I am looking at a family of functions $f : [0, \infty) \rightarrow [-\infty, \infty)$ satisfying the following property: $$f(bx) - f(b(x-1)) > f(a(x+1)) - f(ax) \quad \text{for all $a, b \in \mathbb{R}^+$ and $x \in \mathbb{Z}^+$.}$$ Another way of phrasing the condition is: there are mutually disjoint intervals $I_1, I_2, I_3, \ldots$ and real numbers $y_1 > y_2 > \ldots$ such that for each $x \in \mathbb{Z}^+$, $$f(a(x+1)) - f(ax) \in I_x \subseteq [y_{x+1}, y_x] \quad \text{for all $a \in \mathbb{R}^+$}.$$ Note that since $I_1, I_2, I_3, \ldots$ are mutually disjoint, if $y_{x+1} \in I_x$ then $y_{x+1} \not\in I_{x+1}$ and vice versa.
One function satisfying this property is $\log$: for any fixed $x \in \mathbb{Z}^+$, $\log(a(x+1)) - \log(ax) = \log\left(\frac{a(x+1)}{ax}\right) = \log\left(\frac{x+1}{x}\right)$ is constant, and furthermore, $\log\left(\frac{x}{x-1}\right) > \log\left(\frac{x+1}{x}\right)$.
My question is this: Is there any other function satisfying this property other than functions of the form $f(x) = a \log x + b$?
My suspicion is that the answer is no, but I don't know how to prove it. I will explain my idea so far:
Note that the above condition requires $f$ to be strictly increasing. Hence, $y_0 > y_1 > \ldots > 0$ and so the intervals $I_i$ will eventually get very small, i.e. $y_i - y_{i-1} \rightarrow 0$ as $i \rightarrow \infty$.

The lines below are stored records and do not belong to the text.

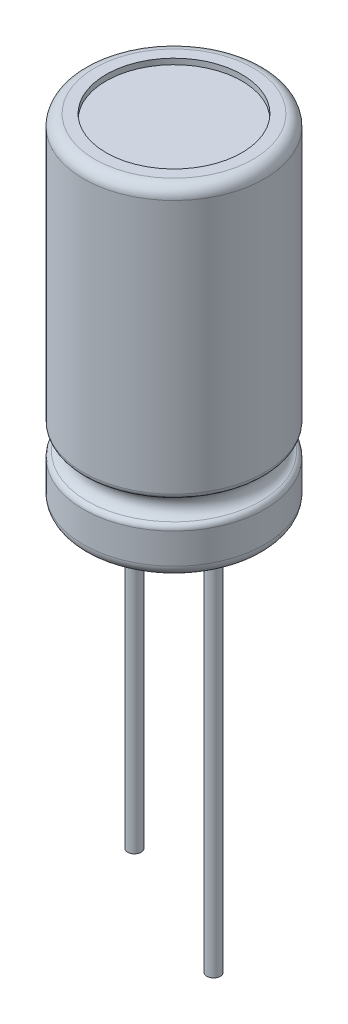
SolidWorks part; units mm, degrees
ref_plane "Front" through (0, 0, 0) normal (0, 0, 1) x (1, 0, 0)
ref_plane "Top" through (0, 0, 0) normal (0, 1, 0) x (1, 0, 0)
ref_plane "Right" through (0, 0, 0) normal (1, 0, 0) x (0, 0, -1)
sketch "Sketch1" plane through (0, 0, 0) normal (0, 1, 0) x (1, 0, 0)
  circle A0 centre (0, 0) radius 4
  dimension "D1" = 8
extrude "Base-Extrude" add sketch "Sketch1" along normal blind 15
sketch "Sketch2" plane through (0, 0, 0) normal (1, 0, 0) x (0, 0, -1)
  line L0 (-4, 15) -> (-4, 0) construction
  line L1 (-4, 3.0532) -> (-4, 2.0532)
  line L2 (0, 0) -> (0, 7.7627) construction
  line L3 (0, 15) -> (0, 0) construction
  arc A0 (-4, 2.0532) -> (-4, 3.0532) centre (-4, 2.5532) ccw
  dimension "D1" = 0.5
revolve "Cut-Revolve1" cut sketch "Sketch2" angle 360 about L2
fillet "Fillet1" radius 0.5 2 edges at (0, 0, 4) (0, 15, 4)
fillet "Fillet2" radius 0.25 2 edges at (0, 2.0532, -4) (0, 3.0532, -4)
sketch "Sketch4" plane through (0, 0, 0) normal (0, -1, 0) x (1, 0, 0)
  circle A0 centre (0, 0) radius 3
  dimension "D1" = 6
extrude "Cut-Extrude1" cut sketch "Sketch4" against normal blind 0.25
sketch "Sketch3" plane through (0, 0.25, 0) normal (0, -1, 0) x (1, 0, 0)
  circle A0 centre (-1.75, 0) radius 0.3
  circle A1 centre (1.75, 0) radius 0.3
  dimension "D1" = 0.6
  dimension "D2" = 1.75
  dimension "D3" = 3.5
extrude "Boss-Extrude1" add sketch "Sketch3" along normal blind 17.25
sketch "Sketch5" plane through (0, -17, 0) normal (0, -1, 0) x (1, 0, 0)
  circle A1 centre (-1.75, 0) radius 0.3
  circle A2 centre (-1.75, 0) radius 0.3
  dimension "D1" = 0
extrude "Cut-Extrude2" cut sketch "Sketch5" against normal blind 3
sketch "Sketch6" plane through (0, 15, 0) normal (0, 1, 0) x (-1, 0, 0)
  circle A0 centre (0, 0) radius 3
  dimension "D1" = 6
extrude "Cut-Extrude3" cut sketch "Sketch6" against normal blind 0.25
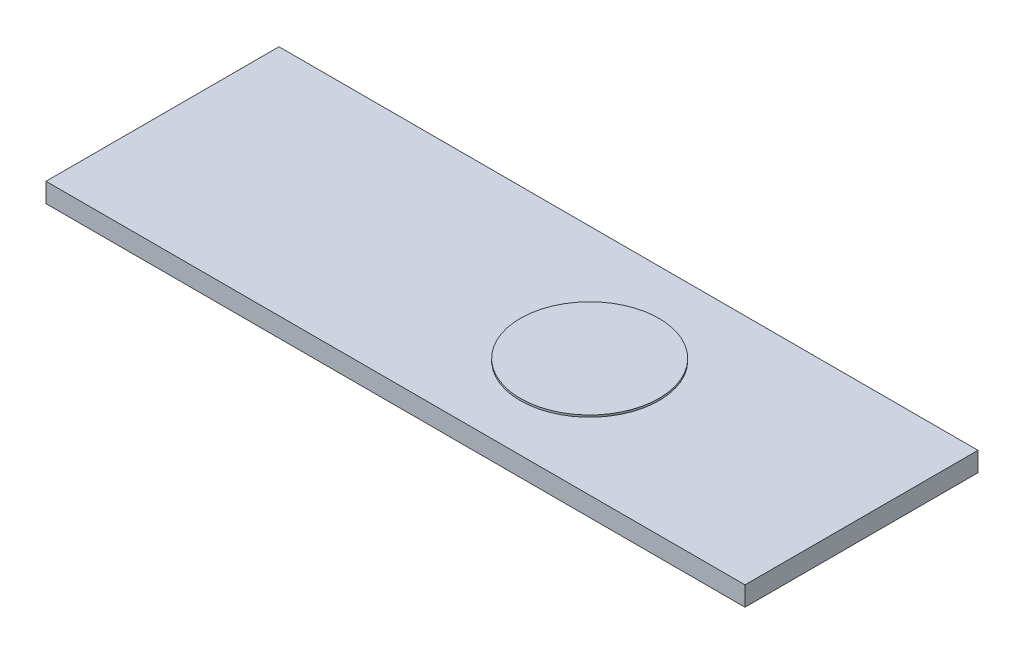
SolidWorks part; units mm, degrees
ref_plane "Front Plane" through (0, 0, 0) normal (0, 0, 1) x (1, 0, 0)
ref_plane "Top Plane" through (0, 0, 0) normal (0, 1, 0) x (1, 0, 0)
ref_plane "Right Plane" through (0, 0, 0) normal (1, 0, 0) x (0, 0, -1)
sketch "Sketch1" plane through (0, 0, 0) normal (0, 1, 0) x (1, 0, 0)
  line L1 (18, -6) -> (-18, -6)
  line L2 (18, -6) -> (18, 6)
  line L3 (18, 6) -> (-18, 6)
  line L4 (-18, -6) -> (-18, 6)
  line L5 (18, -6) -> (-18, 6) construction
  line L6 (18, 6) -> (-18, -6) construction
  point P0 (0, 0)
  dimension "D1" = 12
  dimension "D2" = 36
extrude "SPE" add sketch "Sketch1" along normal blind 1
sketch "Sketch2" plane through (0, 1, 0) normal (0, 1, 0) x (1, 0, 0)
  line L0 (18, -6) -> (18, 6) construction
  circle A0 centre (4, 0) radius 3.5719
  dimension "D1" = 14
extrude "WE" add sketch "Sketch2" along normal blind 0.1

On the other hand, let $g_x(a) = f(a(x+1)) - f(ax)$ for $a \in \mathbb{R}^+$ and $x \in \mathbb{Z}^+$. If there exists some $x \in \mathbb{Z}^+$, such that $g_x$ is not constant, then $I_x$ must contain more than one point, i.e. $\sup I_x - \inf I_x > 0$. Based on my observations on some functions, it seems that the intervals $I_1, I_2, I_3, \ldots$ do not get smaller fast enough, so that there will eventually be overlap between $I_x$ and $I_{x+1}$ for large enough $x$. (One function that I tested is $f(x) = \log x + \varepsilon \sin x$ where $\varepsilon$ is a small number like $\varepsilon = 0.01$.)
However, I haven't been able to prove this observation. I did find some relationship between $g_x$ and $g_{x+1}$ but it's not a strong enough relationship: $$g_{x+1}(a) - g_{x+1}\left(\frac{x-1}{x} \cdot a\right) = g_x\left(\frac{x+1}{x} \cdot a\right) - g_x(a).$$
So, is my suspicion true that the only functions satisfying the above property have the form $f(x) = a\log x + b$? If yes, how can I prove this? If not, what other function satisfies this property?